**ASSIGNMENT**. From the line containing "doc.units = 0" down to the line containing "blk = doc.blocks.new('RECT')" in the records below, reproduce every line exactly, ends included, and omit all others.

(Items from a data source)

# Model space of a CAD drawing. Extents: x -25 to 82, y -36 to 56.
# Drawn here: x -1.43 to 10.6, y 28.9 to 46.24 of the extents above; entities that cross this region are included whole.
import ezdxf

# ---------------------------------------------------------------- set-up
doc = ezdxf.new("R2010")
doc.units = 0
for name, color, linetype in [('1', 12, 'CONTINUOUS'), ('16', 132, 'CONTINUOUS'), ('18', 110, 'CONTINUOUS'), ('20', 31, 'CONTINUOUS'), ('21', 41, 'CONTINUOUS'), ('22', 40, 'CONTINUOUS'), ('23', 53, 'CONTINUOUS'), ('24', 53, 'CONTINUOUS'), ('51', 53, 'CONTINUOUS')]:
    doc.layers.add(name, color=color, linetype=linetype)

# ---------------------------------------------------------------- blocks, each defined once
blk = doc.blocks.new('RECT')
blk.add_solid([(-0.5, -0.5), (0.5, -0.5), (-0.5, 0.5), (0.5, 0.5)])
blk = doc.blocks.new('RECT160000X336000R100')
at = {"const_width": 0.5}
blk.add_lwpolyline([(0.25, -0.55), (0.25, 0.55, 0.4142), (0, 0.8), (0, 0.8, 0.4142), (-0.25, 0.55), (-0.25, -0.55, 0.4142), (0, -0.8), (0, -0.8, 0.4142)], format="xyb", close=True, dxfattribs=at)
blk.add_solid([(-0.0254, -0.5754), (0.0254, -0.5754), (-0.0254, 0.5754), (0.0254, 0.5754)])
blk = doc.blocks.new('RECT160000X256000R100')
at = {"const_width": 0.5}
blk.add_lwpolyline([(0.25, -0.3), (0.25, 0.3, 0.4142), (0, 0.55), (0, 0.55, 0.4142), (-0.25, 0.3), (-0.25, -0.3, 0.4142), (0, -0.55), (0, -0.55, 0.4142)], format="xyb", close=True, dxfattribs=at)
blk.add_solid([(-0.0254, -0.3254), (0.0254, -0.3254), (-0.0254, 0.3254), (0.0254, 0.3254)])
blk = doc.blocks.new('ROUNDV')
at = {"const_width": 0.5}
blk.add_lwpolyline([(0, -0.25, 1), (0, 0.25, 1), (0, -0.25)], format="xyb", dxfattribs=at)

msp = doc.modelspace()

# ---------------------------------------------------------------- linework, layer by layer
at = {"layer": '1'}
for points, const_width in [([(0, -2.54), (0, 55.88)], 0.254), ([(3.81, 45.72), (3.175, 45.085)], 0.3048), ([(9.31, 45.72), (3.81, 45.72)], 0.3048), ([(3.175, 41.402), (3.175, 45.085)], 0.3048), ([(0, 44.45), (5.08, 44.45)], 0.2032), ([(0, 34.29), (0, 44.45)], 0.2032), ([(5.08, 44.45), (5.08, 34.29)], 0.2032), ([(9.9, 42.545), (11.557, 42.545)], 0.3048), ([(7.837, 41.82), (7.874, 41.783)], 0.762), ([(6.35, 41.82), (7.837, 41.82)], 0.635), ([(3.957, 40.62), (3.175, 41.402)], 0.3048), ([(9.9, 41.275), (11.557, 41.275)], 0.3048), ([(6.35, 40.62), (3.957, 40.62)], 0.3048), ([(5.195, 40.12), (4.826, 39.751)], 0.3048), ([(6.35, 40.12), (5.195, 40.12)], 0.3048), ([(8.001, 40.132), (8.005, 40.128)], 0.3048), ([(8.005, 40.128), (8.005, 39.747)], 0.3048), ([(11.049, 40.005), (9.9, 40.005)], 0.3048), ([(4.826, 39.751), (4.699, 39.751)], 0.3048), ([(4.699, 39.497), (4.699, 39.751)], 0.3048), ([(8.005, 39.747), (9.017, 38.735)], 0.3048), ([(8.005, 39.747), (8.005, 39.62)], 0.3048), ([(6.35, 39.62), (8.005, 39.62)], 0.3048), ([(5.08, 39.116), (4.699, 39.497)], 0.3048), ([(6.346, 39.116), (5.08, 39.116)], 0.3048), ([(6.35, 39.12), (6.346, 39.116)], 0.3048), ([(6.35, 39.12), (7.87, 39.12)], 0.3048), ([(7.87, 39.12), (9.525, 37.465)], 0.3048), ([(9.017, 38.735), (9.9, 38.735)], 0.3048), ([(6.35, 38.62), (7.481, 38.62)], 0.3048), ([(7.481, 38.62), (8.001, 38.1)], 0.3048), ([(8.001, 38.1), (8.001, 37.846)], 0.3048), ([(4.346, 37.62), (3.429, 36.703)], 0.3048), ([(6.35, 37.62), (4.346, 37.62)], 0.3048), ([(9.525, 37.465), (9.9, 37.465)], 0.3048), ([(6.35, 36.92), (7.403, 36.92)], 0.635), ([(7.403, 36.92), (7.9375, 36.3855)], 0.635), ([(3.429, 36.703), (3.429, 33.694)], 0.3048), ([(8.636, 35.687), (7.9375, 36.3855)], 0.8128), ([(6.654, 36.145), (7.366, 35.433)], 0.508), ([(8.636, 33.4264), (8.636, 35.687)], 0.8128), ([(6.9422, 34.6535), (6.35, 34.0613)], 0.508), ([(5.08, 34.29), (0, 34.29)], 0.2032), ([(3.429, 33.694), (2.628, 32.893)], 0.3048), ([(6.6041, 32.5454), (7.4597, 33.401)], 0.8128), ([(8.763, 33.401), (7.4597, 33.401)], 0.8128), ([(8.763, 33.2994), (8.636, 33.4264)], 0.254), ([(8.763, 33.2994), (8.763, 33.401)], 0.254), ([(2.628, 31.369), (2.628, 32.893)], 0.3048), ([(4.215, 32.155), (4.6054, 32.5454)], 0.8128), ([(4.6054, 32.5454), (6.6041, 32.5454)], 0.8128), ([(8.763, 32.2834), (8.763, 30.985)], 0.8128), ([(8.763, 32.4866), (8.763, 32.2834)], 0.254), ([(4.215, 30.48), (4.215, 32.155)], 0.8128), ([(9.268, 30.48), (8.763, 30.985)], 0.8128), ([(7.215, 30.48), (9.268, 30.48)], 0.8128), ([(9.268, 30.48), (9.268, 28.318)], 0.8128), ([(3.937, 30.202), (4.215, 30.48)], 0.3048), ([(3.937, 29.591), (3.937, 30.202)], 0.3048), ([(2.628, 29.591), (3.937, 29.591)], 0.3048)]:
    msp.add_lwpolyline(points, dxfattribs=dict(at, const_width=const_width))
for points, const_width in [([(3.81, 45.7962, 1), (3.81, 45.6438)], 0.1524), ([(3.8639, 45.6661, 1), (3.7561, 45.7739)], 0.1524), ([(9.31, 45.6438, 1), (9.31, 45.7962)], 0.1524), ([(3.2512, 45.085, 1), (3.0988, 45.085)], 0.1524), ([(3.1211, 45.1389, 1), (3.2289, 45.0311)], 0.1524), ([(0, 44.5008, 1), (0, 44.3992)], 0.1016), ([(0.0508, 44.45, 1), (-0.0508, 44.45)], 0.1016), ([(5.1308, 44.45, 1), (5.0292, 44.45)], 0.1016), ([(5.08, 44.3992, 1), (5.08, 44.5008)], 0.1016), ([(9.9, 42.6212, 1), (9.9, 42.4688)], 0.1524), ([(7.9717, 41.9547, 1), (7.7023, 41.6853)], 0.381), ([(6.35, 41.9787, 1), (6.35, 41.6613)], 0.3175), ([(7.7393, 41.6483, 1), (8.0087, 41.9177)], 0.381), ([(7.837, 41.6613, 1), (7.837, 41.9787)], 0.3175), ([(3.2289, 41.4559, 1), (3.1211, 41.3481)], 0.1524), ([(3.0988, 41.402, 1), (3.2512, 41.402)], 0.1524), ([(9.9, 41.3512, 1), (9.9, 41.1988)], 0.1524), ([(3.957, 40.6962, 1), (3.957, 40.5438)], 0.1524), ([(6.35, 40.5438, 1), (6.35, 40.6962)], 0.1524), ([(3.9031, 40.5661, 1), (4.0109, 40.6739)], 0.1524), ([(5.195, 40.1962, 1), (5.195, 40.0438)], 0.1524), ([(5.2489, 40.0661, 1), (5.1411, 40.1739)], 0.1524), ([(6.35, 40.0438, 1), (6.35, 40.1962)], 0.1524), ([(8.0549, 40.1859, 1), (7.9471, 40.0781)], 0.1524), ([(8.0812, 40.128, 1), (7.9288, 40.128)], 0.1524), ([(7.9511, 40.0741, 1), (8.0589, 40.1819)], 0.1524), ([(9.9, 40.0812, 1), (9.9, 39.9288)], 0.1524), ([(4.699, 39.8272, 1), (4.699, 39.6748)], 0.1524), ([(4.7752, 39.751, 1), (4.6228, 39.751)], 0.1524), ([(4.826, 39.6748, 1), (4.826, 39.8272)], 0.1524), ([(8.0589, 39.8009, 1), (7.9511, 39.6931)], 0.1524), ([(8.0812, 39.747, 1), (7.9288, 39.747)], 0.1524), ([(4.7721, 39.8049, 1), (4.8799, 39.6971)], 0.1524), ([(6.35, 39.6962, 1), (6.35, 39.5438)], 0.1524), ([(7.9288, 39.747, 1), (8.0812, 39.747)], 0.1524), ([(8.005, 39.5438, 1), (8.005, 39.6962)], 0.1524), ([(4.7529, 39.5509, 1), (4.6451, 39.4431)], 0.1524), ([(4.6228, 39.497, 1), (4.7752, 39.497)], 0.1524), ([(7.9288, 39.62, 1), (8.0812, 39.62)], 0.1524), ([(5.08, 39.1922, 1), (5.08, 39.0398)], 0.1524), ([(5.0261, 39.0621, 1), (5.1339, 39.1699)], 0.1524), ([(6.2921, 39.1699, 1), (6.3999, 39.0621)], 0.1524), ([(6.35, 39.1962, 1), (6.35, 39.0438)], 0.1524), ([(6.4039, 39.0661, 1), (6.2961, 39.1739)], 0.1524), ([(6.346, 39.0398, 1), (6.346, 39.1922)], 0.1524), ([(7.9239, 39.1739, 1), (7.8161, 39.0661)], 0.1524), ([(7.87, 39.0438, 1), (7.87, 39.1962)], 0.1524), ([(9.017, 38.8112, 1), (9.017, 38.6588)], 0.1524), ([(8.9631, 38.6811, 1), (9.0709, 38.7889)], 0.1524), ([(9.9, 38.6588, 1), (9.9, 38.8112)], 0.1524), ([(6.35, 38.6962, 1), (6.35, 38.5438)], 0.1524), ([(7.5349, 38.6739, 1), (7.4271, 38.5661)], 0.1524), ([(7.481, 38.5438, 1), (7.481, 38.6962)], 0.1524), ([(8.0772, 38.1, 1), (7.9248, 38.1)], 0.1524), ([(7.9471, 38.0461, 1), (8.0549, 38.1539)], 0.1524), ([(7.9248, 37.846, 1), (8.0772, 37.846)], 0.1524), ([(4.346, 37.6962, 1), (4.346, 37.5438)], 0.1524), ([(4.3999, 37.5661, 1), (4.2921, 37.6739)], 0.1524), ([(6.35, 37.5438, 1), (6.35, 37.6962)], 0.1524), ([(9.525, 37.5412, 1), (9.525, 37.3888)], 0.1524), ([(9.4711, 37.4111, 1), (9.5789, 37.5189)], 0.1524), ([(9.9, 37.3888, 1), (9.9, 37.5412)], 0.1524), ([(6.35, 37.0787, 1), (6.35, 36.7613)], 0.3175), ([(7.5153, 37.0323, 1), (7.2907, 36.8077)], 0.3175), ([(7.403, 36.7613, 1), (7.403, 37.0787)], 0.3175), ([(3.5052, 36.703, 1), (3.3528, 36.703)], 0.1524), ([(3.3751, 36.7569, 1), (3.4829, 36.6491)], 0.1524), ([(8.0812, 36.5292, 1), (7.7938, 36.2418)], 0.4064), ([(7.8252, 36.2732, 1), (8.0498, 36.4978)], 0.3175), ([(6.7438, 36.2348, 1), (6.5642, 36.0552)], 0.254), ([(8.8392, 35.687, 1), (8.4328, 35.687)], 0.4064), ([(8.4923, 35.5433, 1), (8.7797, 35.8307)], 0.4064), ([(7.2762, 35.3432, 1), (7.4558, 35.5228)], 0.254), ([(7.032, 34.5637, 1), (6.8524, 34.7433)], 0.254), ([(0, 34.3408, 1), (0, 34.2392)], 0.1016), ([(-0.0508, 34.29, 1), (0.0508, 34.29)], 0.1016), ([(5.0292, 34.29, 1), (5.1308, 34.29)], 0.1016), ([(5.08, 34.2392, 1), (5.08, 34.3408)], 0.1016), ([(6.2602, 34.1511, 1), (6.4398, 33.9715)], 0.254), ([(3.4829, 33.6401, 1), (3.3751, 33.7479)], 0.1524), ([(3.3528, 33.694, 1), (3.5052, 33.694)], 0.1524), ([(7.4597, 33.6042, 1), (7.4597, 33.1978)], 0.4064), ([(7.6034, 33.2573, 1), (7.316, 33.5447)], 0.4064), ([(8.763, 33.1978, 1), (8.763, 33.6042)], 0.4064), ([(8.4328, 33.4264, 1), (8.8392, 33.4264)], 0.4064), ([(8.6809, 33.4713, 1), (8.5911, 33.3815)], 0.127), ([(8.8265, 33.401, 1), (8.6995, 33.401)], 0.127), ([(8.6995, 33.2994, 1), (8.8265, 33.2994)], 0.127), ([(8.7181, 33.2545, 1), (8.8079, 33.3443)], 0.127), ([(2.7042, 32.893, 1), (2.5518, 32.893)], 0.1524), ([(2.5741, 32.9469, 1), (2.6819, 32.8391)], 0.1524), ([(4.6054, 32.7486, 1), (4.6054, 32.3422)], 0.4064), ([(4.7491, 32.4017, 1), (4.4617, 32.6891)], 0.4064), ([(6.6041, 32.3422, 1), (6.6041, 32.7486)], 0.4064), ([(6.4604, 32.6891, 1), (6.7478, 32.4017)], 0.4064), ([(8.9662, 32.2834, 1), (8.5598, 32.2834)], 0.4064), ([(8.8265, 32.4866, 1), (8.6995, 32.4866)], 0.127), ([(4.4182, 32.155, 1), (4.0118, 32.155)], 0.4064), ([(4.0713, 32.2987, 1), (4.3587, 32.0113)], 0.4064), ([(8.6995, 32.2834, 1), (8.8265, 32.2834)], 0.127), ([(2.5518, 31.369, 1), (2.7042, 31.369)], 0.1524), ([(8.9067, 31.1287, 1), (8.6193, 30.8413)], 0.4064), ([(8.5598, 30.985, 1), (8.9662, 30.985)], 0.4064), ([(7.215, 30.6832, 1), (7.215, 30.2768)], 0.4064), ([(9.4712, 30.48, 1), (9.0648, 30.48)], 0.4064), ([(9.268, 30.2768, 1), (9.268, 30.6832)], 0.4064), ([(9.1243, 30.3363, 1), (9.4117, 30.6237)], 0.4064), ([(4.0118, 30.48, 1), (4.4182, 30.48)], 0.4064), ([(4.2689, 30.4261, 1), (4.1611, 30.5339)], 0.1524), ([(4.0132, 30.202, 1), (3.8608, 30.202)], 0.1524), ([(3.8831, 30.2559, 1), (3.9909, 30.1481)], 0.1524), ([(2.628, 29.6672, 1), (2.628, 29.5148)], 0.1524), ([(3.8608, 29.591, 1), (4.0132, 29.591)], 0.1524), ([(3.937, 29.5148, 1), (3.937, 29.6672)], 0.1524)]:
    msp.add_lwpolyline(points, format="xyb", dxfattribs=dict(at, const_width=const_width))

**OUTPUT OF THE EXERCISE**.
doc.units = 0
for name, color, linetype in [('1', 12, 'CONTINUOUS'), ('16', 132, 'CONTINUOUS'), ('18', 110, 'CONTINUOUS'), ('20', 31, 'CONTINUOUS'), ('21', 41, 'CONTINUOUS'), ('22', 40, 'CONTINUOUS'), ('23', 53, 'CONTINUOUS'), ('24', 53, 'CONTINUOUS'), ('51', 53, 'CONTINUOUS')]:
    doc.layers.add(name, color=color, linetype=linetype)

# ---------------------------------------------------------------- blocks, each defined once
blk = doc.blocks.new('RECT')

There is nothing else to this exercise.